START Records supplied
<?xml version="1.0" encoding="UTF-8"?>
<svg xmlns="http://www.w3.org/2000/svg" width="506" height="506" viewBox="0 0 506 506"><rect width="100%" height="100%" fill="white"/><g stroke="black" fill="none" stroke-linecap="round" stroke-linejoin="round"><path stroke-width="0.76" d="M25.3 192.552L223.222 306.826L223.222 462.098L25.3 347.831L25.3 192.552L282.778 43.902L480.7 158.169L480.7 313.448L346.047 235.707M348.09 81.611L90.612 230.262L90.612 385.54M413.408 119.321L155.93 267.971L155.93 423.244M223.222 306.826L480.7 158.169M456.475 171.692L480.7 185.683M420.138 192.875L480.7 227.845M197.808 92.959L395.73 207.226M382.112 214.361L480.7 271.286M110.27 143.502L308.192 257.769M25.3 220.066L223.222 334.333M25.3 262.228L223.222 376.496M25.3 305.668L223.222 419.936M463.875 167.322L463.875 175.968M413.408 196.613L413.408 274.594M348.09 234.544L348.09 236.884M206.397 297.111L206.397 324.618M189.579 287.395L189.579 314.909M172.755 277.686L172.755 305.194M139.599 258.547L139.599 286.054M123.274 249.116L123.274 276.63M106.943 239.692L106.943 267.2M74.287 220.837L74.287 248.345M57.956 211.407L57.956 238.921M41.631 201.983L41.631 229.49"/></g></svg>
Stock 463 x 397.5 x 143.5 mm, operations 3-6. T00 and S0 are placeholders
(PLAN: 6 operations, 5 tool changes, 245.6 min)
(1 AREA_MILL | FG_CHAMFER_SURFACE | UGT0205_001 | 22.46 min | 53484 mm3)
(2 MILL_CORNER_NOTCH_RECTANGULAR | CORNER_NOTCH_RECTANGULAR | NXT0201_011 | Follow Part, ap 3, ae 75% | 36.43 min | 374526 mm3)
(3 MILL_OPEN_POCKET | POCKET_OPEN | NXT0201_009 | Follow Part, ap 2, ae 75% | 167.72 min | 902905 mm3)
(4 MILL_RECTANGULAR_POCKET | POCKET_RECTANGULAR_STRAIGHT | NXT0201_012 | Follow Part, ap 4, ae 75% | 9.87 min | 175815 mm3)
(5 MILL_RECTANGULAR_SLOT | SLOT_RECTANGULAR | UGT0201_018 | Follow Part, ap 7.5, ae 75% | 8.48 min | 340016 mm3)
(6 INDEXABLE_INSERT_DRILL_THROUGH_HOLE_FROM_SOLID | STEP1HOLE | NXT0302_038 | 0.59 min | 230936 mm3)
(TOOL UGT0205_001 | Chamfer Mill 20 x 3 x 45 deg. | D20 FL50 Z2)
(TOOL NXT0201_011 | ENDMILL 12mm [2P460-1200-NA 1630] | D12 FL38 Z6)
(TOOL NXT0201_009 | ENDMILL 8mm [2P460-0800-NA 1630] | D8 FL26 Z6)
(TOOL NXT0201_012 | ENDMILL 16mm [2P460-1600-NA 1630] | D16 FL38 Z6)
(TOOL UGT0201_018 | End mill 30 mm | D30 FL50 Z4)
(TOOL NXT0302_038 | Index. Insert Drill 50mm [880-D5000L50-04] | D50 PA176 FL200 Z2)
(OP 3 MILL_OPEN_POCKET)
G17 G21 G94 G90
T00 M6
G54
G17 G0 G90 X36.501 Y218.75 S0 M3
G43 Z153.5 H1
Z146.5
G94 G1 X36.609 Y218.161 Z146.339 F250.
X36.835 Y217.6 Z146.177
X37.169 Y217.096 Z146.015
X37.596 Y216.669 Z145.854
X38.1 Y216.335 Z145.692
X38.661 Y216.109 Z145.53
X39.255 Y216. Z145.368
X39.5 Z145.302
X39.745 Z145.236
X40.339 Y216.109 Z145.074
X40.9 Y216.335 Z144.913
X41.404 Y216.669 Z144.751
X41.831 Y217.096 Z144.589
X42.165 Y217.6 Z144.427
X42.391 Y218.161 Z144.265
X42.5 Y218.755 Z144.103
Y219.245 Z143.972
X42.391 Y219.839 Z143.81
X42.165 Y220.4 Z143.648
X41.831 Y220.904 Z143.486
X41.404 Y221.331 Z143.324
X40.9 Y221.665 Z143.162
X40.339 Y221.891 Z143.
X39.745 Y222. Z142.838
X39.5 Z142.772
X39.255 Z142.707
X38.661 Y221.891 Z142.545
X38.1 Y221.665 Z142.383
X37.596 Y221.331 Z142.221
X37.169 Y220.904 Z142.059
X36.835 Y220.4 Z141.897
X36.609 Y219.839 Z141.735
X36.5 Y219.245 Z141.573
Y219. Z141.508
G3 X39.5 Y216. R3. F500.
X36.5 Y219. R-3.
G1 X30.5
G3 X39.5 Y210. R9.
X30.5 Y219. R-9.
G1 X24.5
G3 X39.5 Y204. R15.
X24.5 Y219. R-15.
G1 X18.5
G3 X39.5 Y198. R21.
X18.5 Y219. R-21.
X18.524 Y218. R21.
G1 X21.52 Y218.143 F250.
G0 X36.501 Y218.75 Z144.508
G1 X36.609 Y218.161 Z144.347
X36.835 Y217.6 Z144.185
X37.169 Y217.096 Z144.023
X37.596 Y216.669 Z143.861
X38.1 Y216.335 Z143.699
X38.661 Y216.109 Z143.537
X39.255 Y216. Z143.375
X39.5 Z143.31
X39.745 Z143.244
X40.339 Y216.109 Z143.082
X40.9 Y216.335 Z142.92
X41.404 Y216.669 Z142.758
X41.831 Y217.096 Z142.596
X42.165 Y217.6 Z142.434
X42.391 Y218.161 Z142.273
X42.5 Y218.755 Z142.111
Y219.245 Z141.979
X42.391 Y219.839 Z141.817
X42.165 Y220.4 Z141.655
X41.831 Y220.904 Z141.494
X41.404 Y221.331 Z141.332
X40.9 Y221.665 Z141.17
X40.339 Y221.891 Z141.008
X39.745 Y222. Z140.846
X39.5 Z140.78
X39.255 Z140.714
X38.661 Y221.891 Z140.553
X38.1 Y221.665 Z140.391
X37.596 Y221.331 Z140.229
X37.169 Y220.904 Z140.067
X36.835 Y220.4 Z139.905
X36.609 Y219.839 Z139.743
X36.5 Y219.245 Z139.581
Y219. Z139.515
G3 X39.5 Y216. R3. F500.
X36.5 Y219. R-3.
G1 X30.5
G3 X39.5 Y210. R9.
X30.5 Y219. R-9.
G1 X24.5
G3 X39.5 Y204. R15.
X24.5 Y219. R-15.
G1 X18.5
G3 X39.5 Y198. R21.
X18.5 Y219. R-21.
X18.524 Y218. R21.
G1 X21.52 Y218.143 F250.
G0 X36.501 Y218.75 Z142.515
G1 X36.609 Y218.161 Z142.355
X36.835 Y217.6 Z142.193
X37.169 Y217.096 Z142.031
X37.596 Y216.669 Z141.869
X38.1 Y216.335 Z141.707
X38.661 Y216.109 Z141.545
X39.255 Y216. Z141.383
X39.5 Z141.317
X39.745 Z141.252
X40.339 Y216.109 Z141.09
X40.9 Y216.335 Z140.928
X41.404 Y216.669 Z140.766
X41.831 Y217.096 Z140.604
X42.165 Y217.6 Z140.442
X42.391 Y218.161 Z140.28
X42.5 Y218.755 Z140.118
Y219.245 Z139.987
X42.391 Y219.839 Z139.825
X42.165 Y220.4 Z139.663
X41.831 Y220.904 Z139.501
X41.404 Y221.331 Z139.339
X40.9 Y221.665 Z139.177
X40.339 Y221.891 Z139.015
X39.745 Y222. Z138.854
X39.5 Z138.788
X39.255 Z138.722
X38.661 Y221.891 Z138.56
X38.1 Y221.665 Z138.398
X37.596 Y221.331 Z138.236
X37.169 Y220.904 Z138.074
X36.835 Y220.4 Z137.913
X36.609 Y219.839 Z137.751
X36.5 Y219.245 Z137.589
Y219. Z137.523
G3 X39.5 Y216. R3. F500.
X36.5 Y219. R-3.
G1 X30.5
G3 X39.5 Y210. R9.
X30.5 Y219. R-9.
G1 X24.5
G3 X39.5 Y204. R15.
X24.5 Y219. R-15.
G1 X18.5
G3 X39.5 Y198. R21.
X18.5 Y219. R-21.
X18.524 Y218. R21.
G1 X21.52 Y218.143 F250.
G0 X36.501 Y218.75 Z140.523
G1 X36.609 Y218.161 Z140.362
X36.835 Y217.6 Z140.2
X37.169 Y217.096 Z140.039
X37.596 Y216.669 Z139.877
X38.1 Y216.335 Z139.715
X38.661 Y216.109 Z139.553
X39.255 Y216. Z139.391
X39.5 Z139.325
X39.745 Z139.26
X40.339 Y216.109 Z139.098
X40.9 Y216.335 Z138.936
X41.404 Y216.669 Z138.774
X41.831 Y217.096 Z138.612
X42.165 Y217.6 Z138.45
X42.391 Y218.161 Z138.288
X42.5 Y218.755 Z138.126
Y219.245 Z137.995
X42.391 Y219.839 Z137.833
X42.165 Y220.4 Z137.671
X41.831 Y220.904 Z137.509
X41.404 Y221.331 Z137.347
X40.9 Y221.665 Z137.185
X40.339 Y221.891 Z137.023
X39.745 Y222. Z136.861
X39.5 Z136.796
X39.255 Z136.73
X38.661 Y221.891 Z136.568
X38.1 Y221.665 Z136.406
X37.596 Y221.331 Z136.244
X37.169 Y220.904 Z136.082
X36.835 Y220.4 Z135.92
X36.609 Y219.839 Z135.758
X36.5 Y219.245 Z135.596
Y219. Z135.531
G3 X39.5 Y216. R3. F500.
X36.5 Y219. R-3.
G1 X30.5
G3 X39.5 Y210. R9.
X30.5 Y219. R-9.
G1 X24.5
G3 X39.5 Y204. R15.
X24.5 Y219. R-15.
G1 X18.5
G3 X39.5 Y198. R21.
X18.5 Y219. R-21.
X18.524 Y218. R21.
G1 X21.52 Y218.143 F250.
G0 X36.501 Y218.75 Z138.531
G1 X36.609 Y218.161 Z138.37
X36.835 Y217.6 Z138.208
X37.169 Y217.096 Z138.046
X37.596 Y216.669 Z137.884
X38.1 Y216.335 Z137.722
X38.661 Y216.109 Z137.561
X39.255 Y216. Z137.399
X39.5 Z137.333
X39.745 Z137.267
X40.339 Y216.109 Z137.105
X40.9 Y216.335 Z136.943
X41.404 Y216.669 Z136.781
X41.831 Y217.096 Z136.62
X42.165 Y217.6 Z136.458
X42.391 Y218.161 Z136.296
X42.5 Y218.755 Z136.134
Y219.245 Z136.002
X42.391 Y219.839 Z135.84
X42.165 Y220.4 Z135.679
END Records supplied
* What to produce: Your answer should be the exact lines above from the one with "Y219.245 Z141.979" through the one with "X36.609 Y219.839 Z139.743", both included, and nothing besides.

* Written response:
Y219.245 Z141.979
X42.391 Y219.839 Z141.817
X42.165 Y220.4 Z141.655
X41.831 Y220.904 Z141.494
X41.404 Y221.331 Z141.332
X40.9 Y221.665 Z141.17
X40.339 Y221.891 Z141.008
X39.745 Y222. Z140.846
X39.5 Z140.78
X39.255 Z140.714
X38.661 Y221.891 Z140.553
X38.1 Y221.665 Z140.391
X37.596 Y221.331 Z140.229
X37.169 Y220.904 Z140.067
X36.835 Y220.4 Z139.905
X36.609 Y219.839 Z139.743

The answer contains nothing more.